Don't let this book's name put you off, "A technical Guide for Kids: How To Build A Chickee", it looks like really good
info! How and when to gather materials and stuff like that.


----------



## Myechtatel

wow that looks awesome. im gonna have to look into that. thanks a lot. we've started building some tables and clearing out the area we found. it's a great spot.


----------



## outskirts

How to Build a Chickee and Talk to Cockroaches

Interesting little story I found here, which aside from it's chickee building details, Is StP material itself.


----------



## Myechtatel

^interesting

UPDATE: we've finished the fire pit which is 3ft diameter and 3 feet deep with 6 inch by 6 inch trench around it(because "only YOU can prevent forest fires!"), a lean-to with palm frond thatching to store fire wood under, a shelf, a small grill and small oven, and started on a bench. in addition to that we've cleared brush out and raked the whole area; which i was opposed to originally but after being there at night we realized there is a serious spider problem. we had headlights on and i kept seeing sparkles all over the ground and got up close and realized it was the eyes of hundreds of thousands of brown/black spiders. i don't think they're poisonous but we raked the whole area to be safe and so we're not squishing them with every step we make. haha. anyway im supposed to be getting a cable for my phone soon so i can put up some pictures. im really happy with it so far but obviously we're gonna build everything else before we put up the shelter. 

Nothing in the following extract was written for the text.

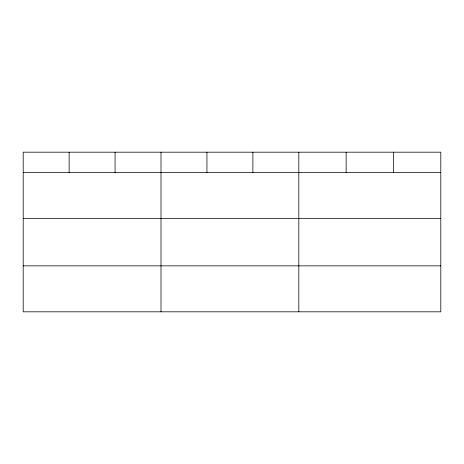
<?xml version="1.0" encoding="UTF-8"?>
<svg xmlns="http://www.w3.org/2000/svg" width="464" height="464" viewBox="0 0 464 464"><rect width="100%" height="100%" fill="white"/><g stroke="black" fill="none" stroke-linecap="round" stroke-linejoin="round"><path stroke-width="0.7" d="M440.8 218.492L440.8 152.186L23.2 152.186L23.2 311.814L440.8 311.814L440.8 218.492L23.2 218.492M23.2 172.527L440.8 172.527M23.2 265.849L440.8 265.849M393.472 152.186L393.472 172.527M346.144 152.186L346.144 172.527M298.816 152.186L298.816 311.814M252.88 152.186L252.88 172.527M206.944 152.186L206.944 172.527M161.008 152.186L161.008 311.814M115.072 152.186L115.072 172.527M69.136 152.186L69.136 172.527"/></g></svg>

i also wanted to post this->A Long-Term Survival Guide - Improvised Camp Equipment
for anyone wanting to do a similar project. it's amazing what you can build with some rope and a machete!


----------



## outskirts

Thanks for posting that last link. Very helpful stuff.


----------



## Myechtatel

yeah no problem. i took the idea for the bench i built from it. tested it the other day and it held me, my girlfriend, my sister and my dog. that's almost 400 pounds! i used pine to make it. i also made the shelves that are on there. great stuff.


----------



## Myechtatel

fox holes are cool. that would be a shit ton of work in this ecosystem though. and i don't think it would last. the soil is extremely wet and unstable and just chalked full of roots. you'd be cutting more roots than digging. and i think the rain would eventually destroy it. and that's if you get lucky and don't hit water after digging a few feet.


----------



## Myechtatel

So i built a lean-to with the palmfronds, came back after a couple days and saw that they were almost dead. i was planning on building a chickee but i don't plan on re-thatching it every week. so my friend brought over a giant tarp(i know i said i wasn't gonna use them but it seems like a more permanent solution) and we made a huge A-frame. we had a fire in it that night and could hardly be in it because of the smoke. So i think what we're going to do is just use the tarp and make a giant teepee.


----------



## outskirts

Myechtatel said:


> So i built a lean-to with the palmfronds, came back after a couple days and saw that they were almost dead. i was planning on building a chickee but i don't plan on re-thatching it every week.


 
The problem might be how your preparing the palmfronds? Maybe? They are not supposed to stay green they are
supposed to turn brown. I'd say keep experimenting with them for any little roofs on any little utility type buildings
you may be building in your camp. Maybe you should try using more fronds and tighter tieing on your roofs in 
anticipation of any shrinkage of the fronds from drying?


----------



## outskirts

I found a bunch of youtube links for making palm frond thatched roofs, here's one of them.
I hope this helps.


----------



## Myechtatel

cool thanks, I'll try that when a re-thatch my lean-to. My girlfriend and I just finished the frame for the tipi and honestly I like it a lot better. I don't think I'm gonna do a chickee because it's too open for me. plus a tipi is the best for making fires in.


----------